- [Recorded data]
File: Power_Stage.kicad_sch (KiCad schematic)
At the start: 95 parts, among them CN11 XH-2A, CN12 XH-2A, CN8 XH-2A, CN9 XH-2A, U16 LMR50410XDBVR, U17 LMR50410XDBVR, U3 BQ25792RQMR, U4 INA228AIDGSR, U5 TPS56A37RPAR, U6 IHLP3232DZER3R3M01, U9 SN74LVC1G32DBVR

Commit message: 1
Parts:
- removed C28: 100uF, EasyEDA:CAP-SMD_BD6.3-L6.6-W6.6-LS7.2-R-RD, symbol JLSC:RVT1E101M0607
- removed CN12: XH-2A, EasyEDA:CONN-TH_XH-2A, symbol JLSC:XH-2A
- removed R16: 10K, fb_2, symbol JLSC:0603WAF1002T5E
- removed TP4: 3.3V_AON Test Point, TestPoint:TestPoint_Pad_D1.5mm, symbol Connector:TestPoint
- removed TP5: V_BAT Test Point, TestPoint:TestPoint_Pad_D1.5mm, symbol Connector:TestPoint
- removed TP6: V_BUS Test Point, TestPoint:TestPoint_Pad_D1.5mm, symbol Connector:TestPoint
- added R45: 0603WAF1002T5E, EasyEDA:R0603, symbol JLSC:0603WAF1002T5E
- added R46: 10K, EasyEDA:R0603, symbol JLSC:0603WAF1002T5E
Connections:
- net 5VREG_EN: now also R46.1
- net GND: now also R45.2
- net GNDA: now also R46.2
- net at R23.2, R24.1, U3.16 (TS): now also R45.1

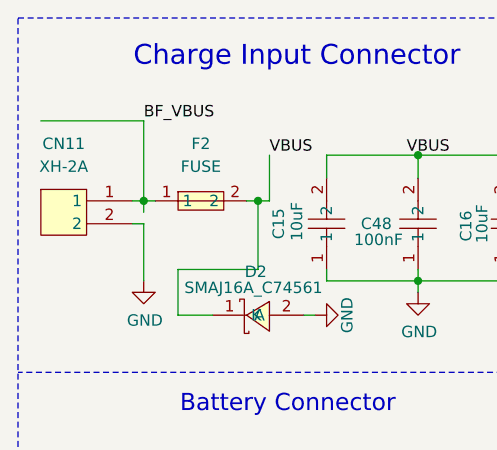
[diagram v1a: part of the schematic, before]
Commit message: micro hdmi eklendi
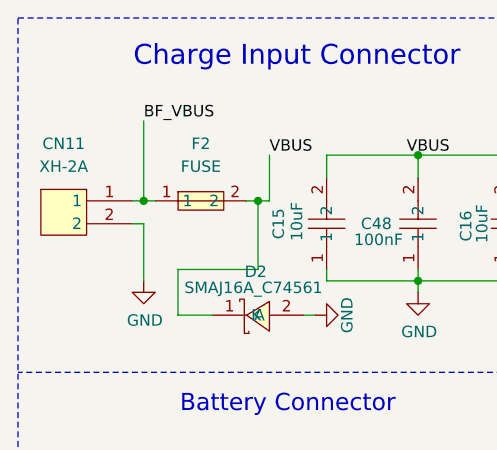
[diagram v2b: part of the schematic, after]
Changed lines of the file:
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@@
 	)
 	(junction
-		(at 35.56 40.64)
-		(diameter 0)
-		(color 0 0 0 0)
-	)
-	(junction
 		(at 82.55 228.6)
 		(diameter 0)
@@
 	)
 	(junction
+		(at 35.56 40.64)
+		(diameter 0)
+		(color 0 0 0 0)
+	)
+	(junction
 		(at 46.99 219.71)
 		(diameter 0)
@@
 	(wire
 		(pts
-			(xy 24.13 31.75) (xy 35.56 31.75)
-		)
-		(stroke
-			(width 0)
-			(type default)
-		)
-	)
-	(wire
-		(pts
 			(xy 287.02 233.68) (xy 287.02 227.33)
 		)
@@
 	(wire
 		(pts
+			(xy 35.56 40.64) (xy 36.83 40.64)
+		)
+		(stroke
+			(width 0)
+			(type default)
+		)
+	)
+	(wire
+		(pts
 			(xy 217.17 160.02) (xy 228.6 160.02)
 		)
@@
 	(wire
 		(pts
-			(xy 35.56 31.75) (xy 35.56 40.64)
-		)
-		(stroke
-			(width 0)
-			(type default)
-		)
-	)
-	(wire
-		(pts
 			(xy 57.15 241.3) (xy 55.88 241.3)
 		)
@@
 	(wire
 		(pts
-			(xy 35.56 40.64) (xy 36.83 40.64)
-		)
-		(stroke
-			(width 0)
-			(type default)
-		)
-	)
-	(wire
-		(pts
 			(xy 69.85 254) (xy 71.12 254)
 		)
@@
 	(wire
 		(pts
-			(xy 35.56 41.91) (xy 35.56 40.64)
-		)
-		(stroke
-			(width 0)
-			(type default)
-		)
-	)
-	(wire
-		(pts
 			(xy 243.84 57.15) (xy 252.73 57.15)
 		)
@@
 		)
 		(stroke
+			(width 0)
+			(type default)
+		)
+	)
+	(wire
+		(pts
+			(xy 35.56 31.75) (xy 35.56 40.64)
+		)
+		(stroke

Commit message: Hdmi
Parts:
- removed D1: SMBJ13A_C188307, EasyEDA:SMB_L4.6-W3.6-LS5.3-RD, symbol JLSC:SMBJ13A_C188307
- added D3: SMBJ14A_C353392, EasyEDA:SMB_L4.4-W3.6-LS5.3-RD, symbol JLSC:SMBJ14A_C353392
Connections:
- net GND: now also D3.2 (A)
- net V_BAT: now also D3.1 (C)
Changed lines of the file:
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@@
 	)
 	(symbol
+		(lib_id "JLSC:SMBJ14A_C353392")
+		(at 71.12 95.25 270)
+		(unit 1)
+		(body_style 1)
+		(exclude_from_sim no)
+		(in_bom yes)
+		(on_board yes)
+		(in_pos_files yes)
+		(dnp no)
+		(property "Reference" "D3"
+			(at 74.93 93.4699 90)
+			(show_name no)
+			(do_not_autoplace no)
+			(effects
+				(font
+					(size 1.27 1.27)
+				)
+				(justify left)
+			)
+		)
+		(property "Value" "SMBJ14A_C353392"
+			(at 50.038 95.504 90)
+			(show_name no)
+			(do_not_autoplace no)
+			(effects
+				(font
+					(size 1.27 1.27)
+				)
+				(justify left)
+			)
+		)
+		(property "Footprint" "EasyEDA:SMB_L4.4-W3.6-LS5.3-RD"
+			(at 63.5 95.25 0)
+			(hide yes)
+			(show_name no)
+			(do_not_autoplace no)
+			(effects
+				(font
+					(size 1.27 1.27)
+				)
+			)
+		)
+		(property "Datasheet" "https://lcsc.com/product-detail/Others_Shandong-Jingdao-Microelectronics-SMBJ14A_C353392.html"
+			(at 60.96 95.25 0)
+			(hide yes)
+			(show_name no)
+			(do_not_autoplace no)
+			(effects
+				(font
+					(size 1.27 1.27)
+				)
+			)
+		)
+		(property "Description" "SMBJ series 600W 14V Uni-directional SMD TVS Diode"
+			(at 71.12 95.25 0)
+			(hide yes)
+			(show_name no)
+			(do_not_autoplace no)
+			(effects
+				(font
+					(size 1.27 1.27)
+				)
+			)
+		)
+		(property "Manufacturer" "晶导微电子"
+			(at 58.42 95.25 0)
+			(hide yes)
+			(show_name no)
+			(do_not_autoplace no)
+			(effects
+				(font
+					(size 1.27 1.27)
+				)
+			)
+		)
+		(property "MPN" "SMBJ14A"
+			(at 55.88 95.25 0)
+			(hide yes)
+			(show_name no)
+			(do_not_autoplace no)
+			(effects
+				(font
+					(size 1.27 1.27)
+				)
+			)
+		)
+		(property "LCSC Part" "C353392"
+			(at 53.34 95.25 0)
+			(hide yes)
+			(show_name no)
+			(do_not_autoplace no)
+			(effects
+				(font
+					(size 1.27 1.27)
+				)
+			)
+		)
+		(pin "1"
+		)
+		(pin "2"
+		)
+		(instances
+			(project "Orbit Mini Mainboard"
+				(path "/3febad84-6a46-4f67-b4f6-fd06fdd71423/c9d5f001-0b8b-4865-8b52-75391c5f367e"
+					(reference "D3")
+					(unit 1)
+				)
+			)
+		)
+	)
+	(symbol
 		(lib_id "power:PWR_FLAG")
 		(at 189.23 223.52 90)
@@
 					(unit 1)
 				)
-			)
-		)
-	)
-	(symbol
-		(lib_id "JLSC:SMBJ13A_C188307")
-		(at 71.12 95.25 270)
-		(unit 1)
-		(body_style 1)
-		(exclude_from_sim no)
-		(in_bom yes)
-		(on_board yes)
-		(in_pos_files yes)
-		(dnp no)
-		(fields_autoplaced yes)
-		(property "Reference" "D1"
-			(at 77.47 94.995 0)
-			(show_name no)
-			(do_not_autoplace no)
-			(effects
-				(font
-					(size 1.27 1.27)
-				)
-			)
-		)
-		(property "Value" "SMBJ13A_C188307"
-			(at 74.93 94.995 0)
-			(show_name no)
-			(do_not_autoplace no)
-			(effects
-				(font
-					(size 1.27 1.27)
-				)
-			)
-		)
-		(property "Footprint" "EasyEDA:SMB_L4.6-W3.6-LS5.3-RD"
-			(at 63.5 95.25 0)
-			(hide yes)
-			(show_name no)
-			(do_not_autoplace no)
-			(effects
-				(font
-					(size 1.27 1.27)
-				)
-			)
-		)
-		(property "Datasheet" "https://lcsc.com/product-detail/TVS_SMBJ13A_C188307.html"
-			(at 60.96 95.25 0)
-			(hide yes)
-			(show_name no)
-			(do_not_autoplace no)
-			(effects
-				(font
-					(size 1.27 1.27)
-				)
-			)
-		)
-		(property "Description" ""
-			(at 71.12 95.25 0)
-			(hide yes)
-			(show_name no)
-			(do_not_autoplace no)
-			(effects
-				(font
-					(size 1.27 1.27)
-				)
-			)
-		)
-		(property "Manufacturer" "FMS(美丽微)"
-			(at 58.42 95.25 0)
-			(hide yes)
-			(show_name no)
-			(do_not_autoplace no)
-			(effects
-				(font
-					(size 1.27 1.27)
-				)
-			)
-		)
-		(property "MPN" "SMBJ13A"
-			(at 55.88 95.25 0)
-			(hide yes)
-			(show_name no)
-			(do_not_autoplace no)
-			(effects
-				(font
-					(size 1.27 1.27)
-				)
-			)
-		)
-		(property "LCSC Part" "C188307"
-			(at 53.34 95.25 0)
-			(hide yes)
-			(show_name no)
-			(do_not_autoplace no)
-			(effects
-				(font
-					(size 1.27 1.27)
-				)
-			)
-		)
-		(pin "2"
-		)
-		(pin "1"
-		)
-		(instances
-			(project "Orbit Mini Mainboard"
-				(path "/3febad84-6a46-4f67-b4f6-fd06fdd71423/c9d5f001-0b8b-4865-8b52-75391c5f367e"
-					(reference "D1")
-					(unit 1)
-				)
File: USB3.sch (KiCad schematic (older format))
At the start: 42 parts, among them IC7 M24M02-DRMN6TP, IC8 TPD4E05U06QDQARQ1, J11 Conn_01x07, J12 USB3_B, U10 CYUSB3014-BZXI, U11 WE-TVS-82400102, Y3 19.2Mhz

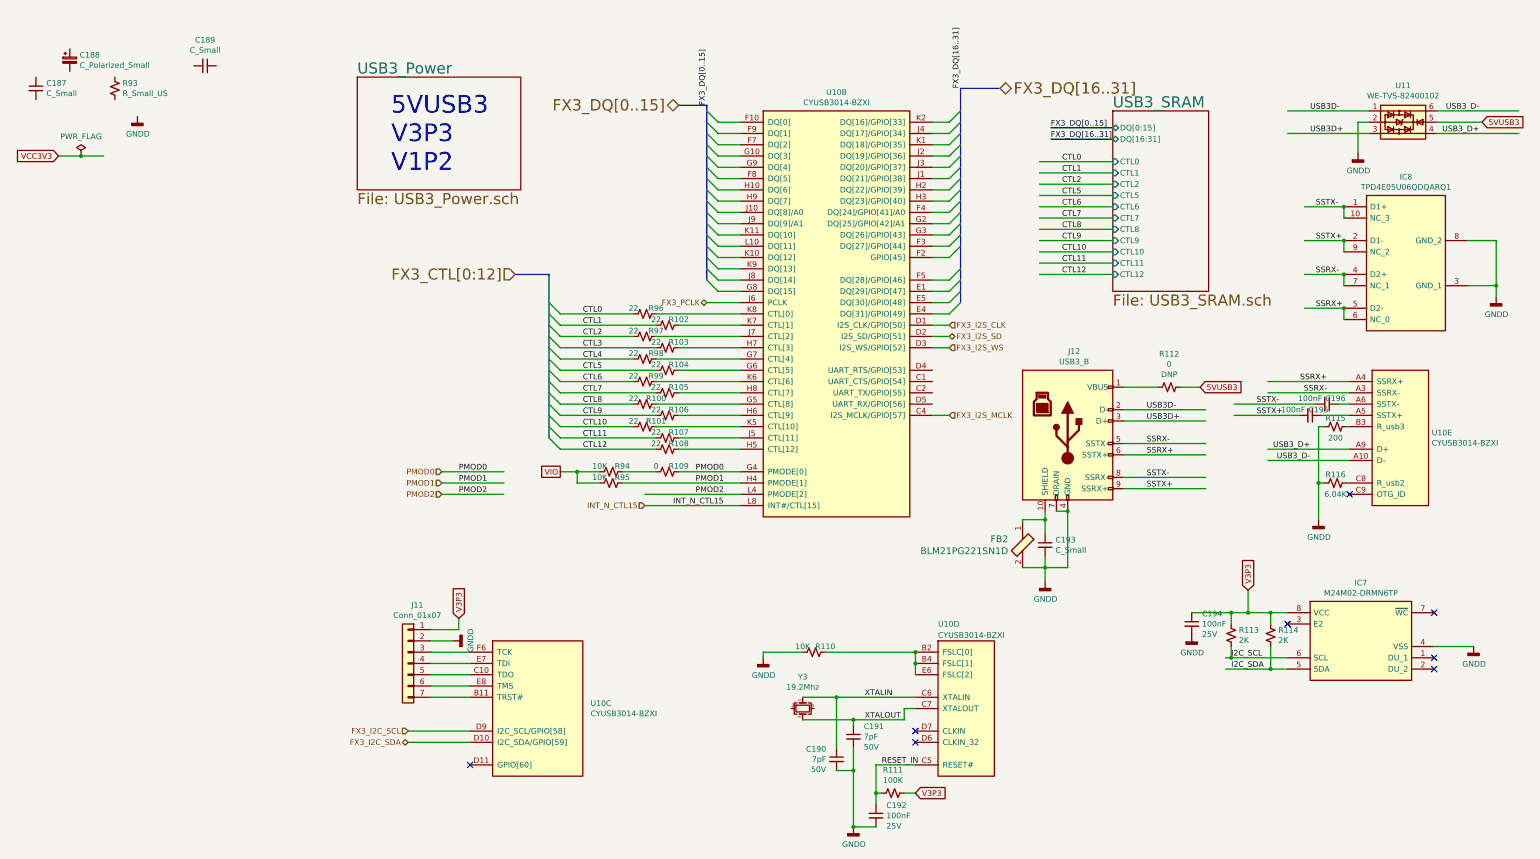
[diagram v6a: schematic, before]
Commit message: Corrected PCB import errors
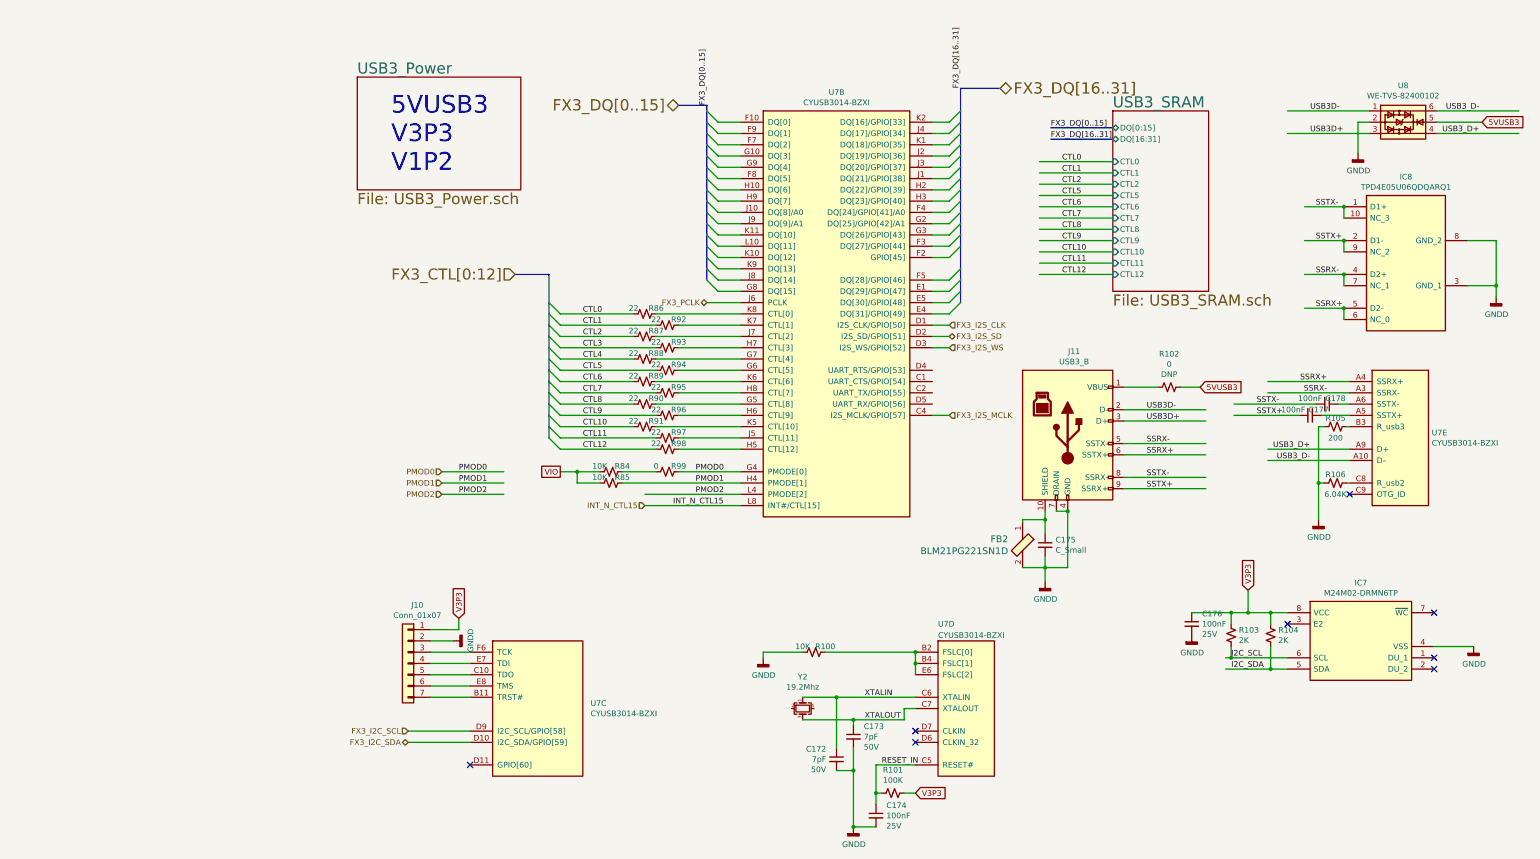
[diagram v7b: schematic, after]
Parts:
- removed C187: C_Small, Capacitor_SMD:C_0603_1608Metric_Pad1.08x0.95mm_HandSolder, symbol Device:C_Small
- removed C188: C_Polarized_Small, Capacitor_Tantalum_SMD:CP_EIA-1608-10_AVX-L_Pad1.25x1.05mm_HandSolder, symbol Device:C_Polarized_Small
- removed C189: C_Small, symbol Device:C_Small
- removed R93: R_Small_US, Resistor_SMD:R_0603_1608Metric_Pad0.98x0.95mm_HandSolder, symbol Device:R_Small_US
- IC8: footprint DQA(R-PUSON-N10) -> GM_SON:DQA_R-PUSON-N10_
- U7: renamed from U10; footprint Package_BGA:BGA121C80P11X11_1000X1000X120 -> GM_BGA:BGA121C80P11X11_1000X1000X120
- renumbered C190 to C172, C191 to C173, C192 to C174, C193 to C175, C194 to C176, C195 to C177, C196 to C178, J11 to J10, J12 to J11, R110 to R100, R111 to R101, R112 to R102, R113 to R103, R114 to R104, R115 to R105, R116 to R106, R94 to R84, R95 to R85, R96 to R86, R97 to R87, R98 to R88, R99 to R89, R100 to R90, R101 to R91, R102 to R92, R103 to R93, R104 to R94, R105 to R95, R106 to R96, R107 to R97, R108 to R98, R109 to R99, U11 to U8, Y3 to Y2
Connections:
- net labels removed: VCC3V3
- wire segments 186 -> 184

- [Work required] Transcribe the material exactly, stopping after the "- removed CN12: XH-2A, EasyEDA:CONN-TH_XH-2A, symbol" line.

- [Written answer]
File: Power_Stage.kicad_sch (KiCad schematic)
At the start: 95 parts, among them CN11 XH-2A, CN12 XH-2A, CN8 XH-2A, CN9 XH-2A, U16 LMR50410XDBVR, U17 LMR50410XDBVR, U3 BQ25792RQMR, U4 INA228AIDGSR, U5 TPS56A37RPAR, U6 IHLP3232DZER3R3M01, U9 SN74LVC1G32DBVR

Commit message: 1
Parts:
- removed C28: 100uF, EasyEDA:CAP-SMD_BD6.3-L6.6-W6.6-LS7.2-R-RD, symbol JLSC:RVT1E101M0607
- removed CN12: XH-2A, EasyEDA:CONN-TH_XH-2A, symbol JLSC:XH-2A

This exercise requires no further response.